Ashe Leandro Conceives a Modernist Retreat Punctuated with a Captivating Curation of Collectible Design
Working alongside adviser Raquel Cayre, Ariel Ashe and Reinaldo Leandro create a big impact with a minimalist, mahogany-clad family beach house in New Jersey
Just about everyone dreams of having a beach house. But not everyone’s dream looks the same, to be sure. When a couple with two young children set out to build an 8,000-square-foot waterfront home near Deal, New Jersey, they were determined to avoid predictable choices like shingle siding and nautical-themed clichés. To create something unexpected, the couple turned to designers Ariel Ashe and Reinaldo Leandro. “The clients wanted something that felt relaxed and beachy but not like anything formal you’d see in the Hamptons,” says Leandro of the five-bedroom house completed during the pandemic. “They wanted to take a boogie board, go down to the beach, and not be precious about it.”
Although their firm, Ashe Leandro, is best known for doing pared-back, inviting, midcentury-inspired interiors for clients such as Seth Meyers and Liev Schreiber, the duo has a growing portfolio of homes they’ve designed from the ground up, including this one. For these projects, they mastermind all aspects of the architecture and interiors, from basement to balcony, drawing on Leandro’s training as an architect, while Ashe handles most of the furnishings.
The beach house they created on the Jersey Shore is set in an area that, unlike some seaside communities, doesn’t have a consistent architectural vernacular—though it does have height and setback rules. The result is a minimal, contemporary design with sophisticated mahogany siding and windows strategically positioned to frame views. The firm’s signature strategy is to divide a home into separate, interconnected structures—in this case, three rectilinear volumes, plus a freestanding pool house—breaking up the sense of scale and creating more intimate spaces that enable greater privacy. There are multiple balconies and terraces wrapped in slatted brise-soleils that not only generate shade but also visually connect the different parts of the home. “It gives you a relaxed Caribbean style but in a Northeast environment,” Leandro says.
“The clients wanted something that felt relaxed and beachy. They wanted to take a boogie board, go down to the beach, and not be precious about it”Reinaldo Leandro
Stepping inside the front door, visitors are greeted by a double-height living area to one side and a dining room on the other. In between, the designers inserted two pill-shaped, wood-paneled, floor-to-ceiling dividers that form a kind of open hallway while also providing storage.

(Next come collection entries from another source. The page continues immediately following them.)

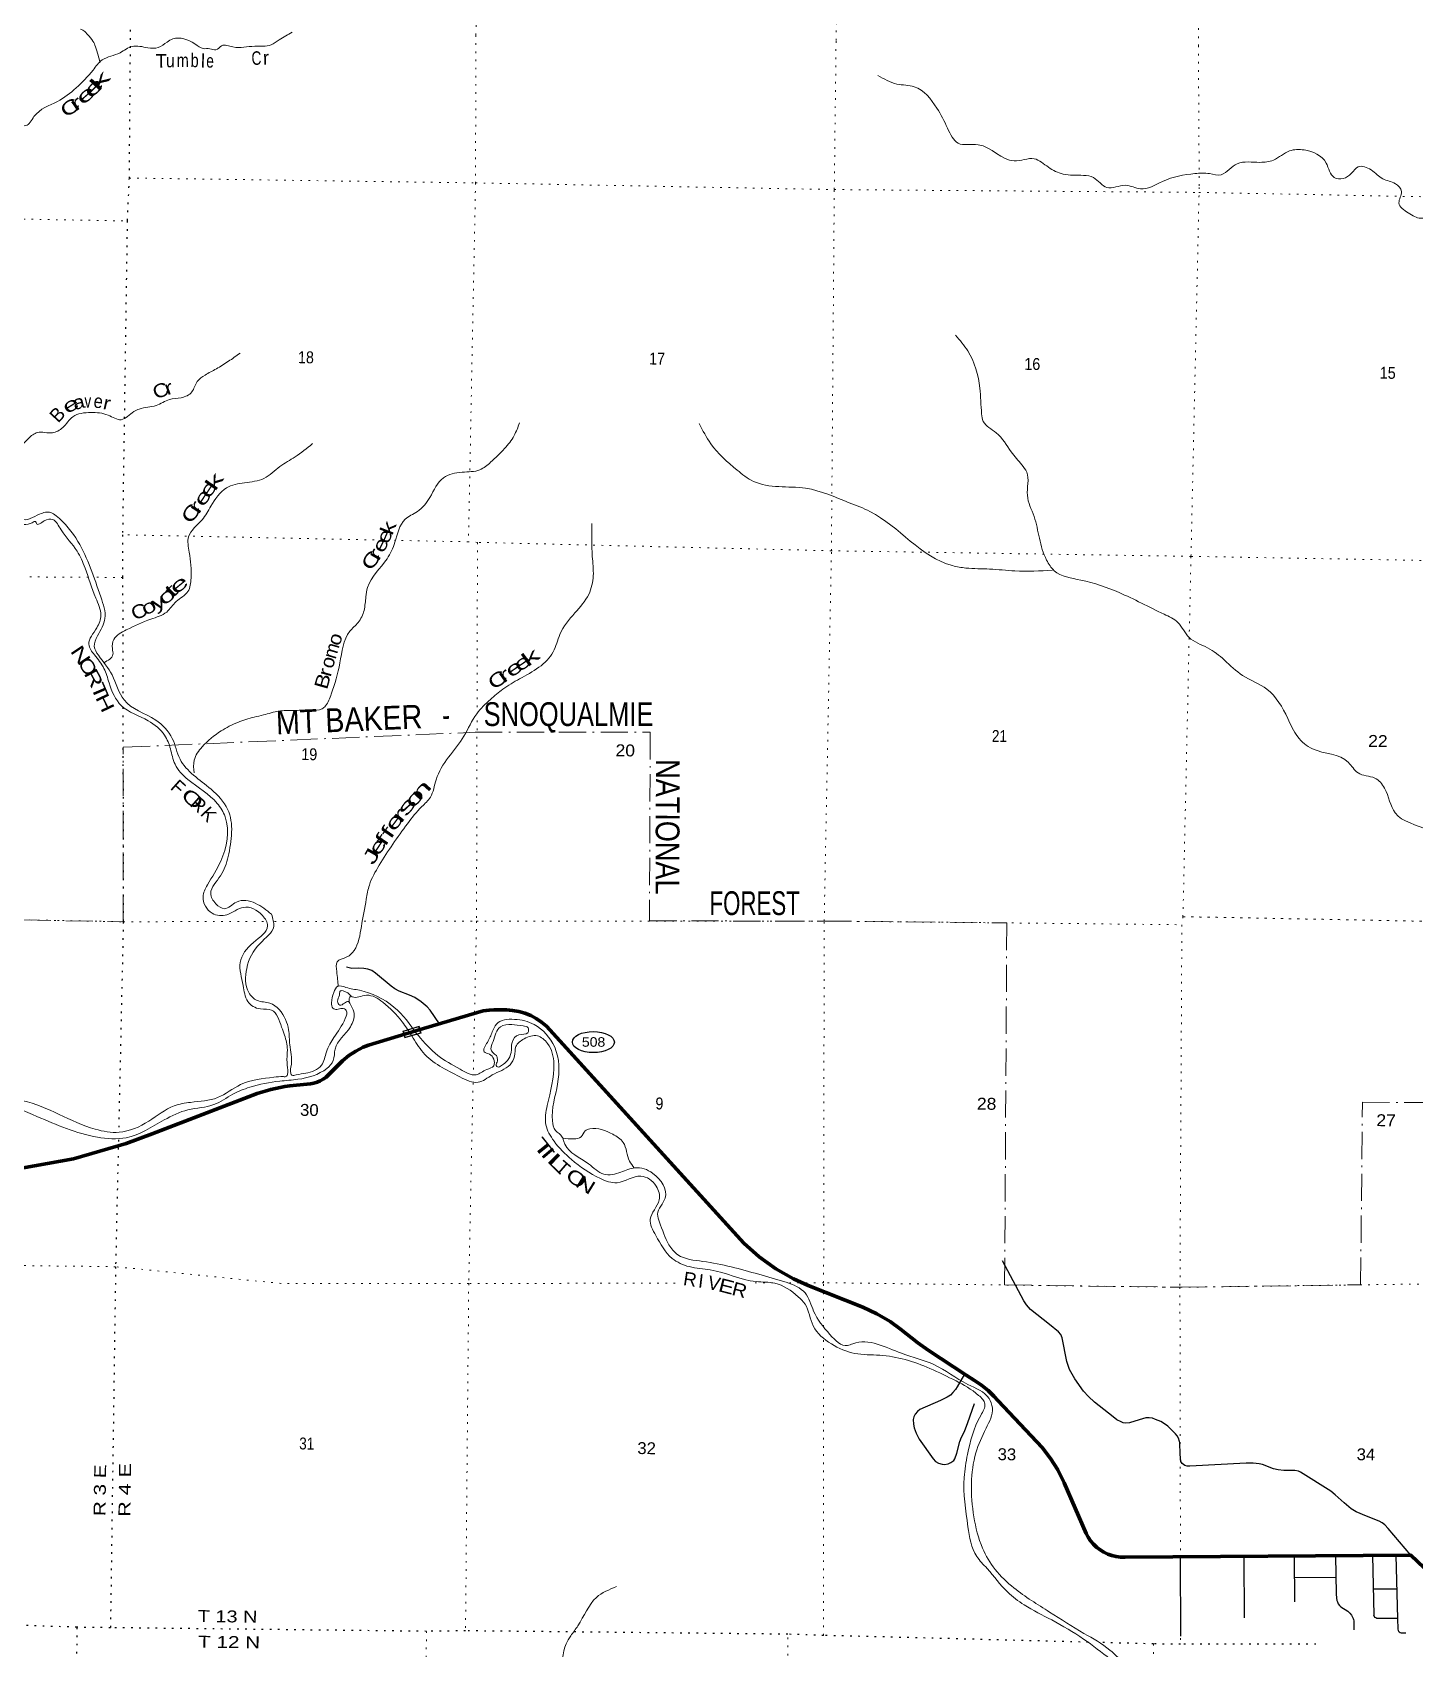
# Model space of a CAD drawing. Header units: feet. Extents: x -518066 to -250644, y -364975 to -177792.
# Drawn here: x -345548 to -325216, y -341845 to -318076 of the extents above; entities that cross this region are included whole.
import ezdxf
from ezdxf.enums import TextEntityAlignment as Align

# ---------------------------------------------------------------- set-up
doc = ezdxf.new("R2010")
doc.units = ezdxf.units.FT
doc.header["$LTSCALE"] = 80
doc.linetypes.add('DOT_DASHED', pattern=[7.7, 5, -1.2, 0.3, -1.2])
doc.linetypes.add('DOTTED', pattern=[1.5, 0.3, -1.2])
for name, color, linetype, lineweight in [('17', 7, 'Continuous', 25), ('23', 7, 'Continuous', 70), ('29', 7, 'Continuous', 25), ('39', 7, 'Continuous', 13), ('41', 7, 'Continuous', 13), ('44', 7, 'DOT_DASHED', 13), ('59', 7, 'Continuous', 13), ('6', 7, 'DOTTED', 25), ('7', 7, 'DOTTED', 13)]:
    doc.layers.add(name, color=color, linetype=linetype, lineweight=lineweight)

msp = doc.modelspace()

# ---------------------------------------------------------------- linework, layer by layer
at = {"layer": '17'}
msp.add_ellipse((-337295.78, -332924.76), major_axis=(-309.24, 1), ratio=0.500121, dxfattribs=at)
at = {"layer": '23'}
for points in [[(-324490.53, -341215.71), (-325274.06, -340471.15), (-329471.81, -340499.75), (-329479.26, -340499.99), (-329543.41, -340498.33), (-329607.04, -340489.98), (-329669.45, -340475.02), (-329729.95, -340453.62), (-329787.89, -340426.01), (-329842.62, -340392.5), (-329893.55, -340353.45), (-329940.11, -340309.29), (-329981.81, -340260.51), (-330018.18, -340207.63), (-330048.82, -340151.25), (-330371.95, -339404.84), (-330375.93, -339395.42), (-330463.86, -339215.83), (-330570.08, -339046.41), (-330693.42, -338889.02), (-331341.36, -338200.33), (-331404.96, -338132.77), (-331490.66, -338045.99), (-331586.04, -337967.66), (-331689.09, -337899.73), (-331812.28, -337823.29), (-332370.19, -337454.66), (-332522.17, -337345.47), (-332778.56, -337145.99), (-332929.37, -337035.66), (-333124.69, -336919.59), (-333331.07, -336824.57), (-334136.45, -336502.56), (-334352.79, -336405.3), (-334614.22, -336256.94), (-334858.71, -336082.07), (-335083.58, -335882.6), (-337936.54, -332742.26), (-337986.74, -332691.43), (-338057.79, -332631.72), (-338134.69, -332579.76), (-338216.6, -332536.12), (-338302.62, -332501.29), (-338391.82, -332475.63), (-338483.2, -332459.44), (-338575.78, -332452.9), (-338759.88, -332451.98), (-338827.2, -332454.81), (-338914.75, -332466.63), (-339000.58, -332487.55), (-339841.62, -332740.25), (-340602.63, -332968.9), (-340683.96, -333001.78), (-340791.3, -333056.93), (-340892.28, -333123), (-340985.8, -333199.27), (-341070.84, -333284.89), (-341215.42, -333429.47), (-341227.5, -333439.5), (-341268.72, -333469.19), (-341312.81, -333494.42), (-341359.3, -333514.9), (-341407.67, -333530.4), (-341457.4, -333540.77), (-341507.94, -333545.88), (-341758.15, -333568.3), (-341835.14, -333578.19), (-342040.77, -333619.77), (-342240.92, -333682.62), (-343786.23, -334273.77), (-344168.84, -334417.62)], [(-344168.84, -334417.62), (-344941.43, -334640.33), (-345708.06, -334776.62), (-345727.15, -334780.01), (-345758.06, -334783.75), (-346962.39, -334913.53)]]:
    msp.add_lwpolyline(points, dxfattribs=at)
at = {"layer": '29'}
for p, q in [((-328664.44, -340494.47), (-328661.22, -341660.29)), ((-327726.61, -340487.86), (-327723.21, -341391.54)), ((-326990.83, -340482.85), (-326984.24, -341156.73)), ((-326380.98, -340478.69), (-326373.18, -341040.56)), ((-325834.05, -340474.97), (-325815.04, -341352.56)), ((-325493.37, -340472.64), (-325468.79, -341402.43)), ((-326985.1, -340796.55), (-326376.58, -340795.44)), ((-325823.06, -340966.43), (-325482.54, -340965.01))]:
    msp.add_line(p, q, dxfattribs=at)
for points in [[(-339560.04, -332655.65), (-339695.98, -332454.51), (-339740.83, -332407.59), (-339830.54, -332332.12), (-339922.28, -332270.93), (-339997.72, -332234.21), (-340152.67, -332175.06), (-340217.91, -332140.38), (-340270.92, -332103.67), (-340499.27, -331909.89), (-340556.36, -331873.18), (-340611.41, -331852.78), (-340672.57, -331840.54), (-340752.08, -331838.5), (-340847.91, -331840.54), (-340927.42, -331822.18)], [(-329026.43, -338472.73), (-329071.28, -338456.44), (-329119.19, -338450.32), (-329169.14, -338452.36), (-329265.99, -338478.87), (-329408.71, -338523.75), (-329468.86, -338527.84), (-329503.52, -338521.72), (-329531.04, -338511.51), (-329595.27, -338478.88), (-329649.3, -338438.08), (-329925.57, -338217.78), (-330012.22, -338136.18), (-330086.64, -338058.68), (-330216.11, -337875.09), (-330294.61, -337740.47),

Beyond the living area to the right are the kitchen and family room and the primary bedroom above; to the left there’s the garage with the children’s rooms and guest rooms above. A mezzanine overlooking the living area affords a bird’s-eye view of a singular design signature that is an Ashe and Leandro favorite: a snaking modular de Sede sofa from the 1970s that acts as a room divider, statement piece, and seating solution for the entire family and then some. The sofa is one of a few dozen vintage and contemporary collectible design elements sourced by the clients’ adviser, Raquel Cayre, working in consultation with Ashe and Leandro. “It’s an iconic piece of furniture that’s airy and the kids can run around it,” says Cayre, who made a name for herself cultivating the @ettoresottsass Instagram account and curating projects like “Raquel’s Dream House,” a 2018 exhibition inside a Manhattan townhouse that included the de Sede sofa. Although advisers can sometimes clash with designers and architects, in this case “everything was natural and nothing was forced,” Cayre says.
If there was any pushback when it came to the interiors, it was from Ashe and Leandro, who sought to temper the clients’ enthusiasm for the kind of exuberant palette found in their primary residence. “They kept saying, ‘More color!’ and we’d reply, ‘Less color!’ ” recalls Ashe, who worried that offbeat color choices could quickly feel dated. She and Leandro focused on natural materials and organic tones. “I like vacation homes to feel like somewhere far away,” she says, noting the importance of sculptural shapes and “resisting the urge to overstuff a room.”
The designers did indulge select chromatic bursts. In the kitchen, where most of the oak cabinetry has a pale, natural finish, Ashe and Leandro painted the upper cabinets in blocks of yellow and red and the island in pistachio green. Color also pops up in other spaces: The upstairs guest kitchen is head-to-toe canary yellow, a shower is covered in mossy green tile, and the home theater is completely saturated in crimson paint and upholstery. While most of these hits are monochromatic, a rainbow appeal can be found in the multicolored basement playroom, which is connected to the theater and laundry room via striped blue-and-yellow tiled floors.
“These ground-up homes are my favorite projects,” says Leandro. “It feels like a natural progression for us.” The designing pair has several such assignments in the works, including four townhouses in New York City, all with a similar design language. “My youth in Latin America comes through: private on the outside, open on the inside,” he adds. “It always seems to come back to that.”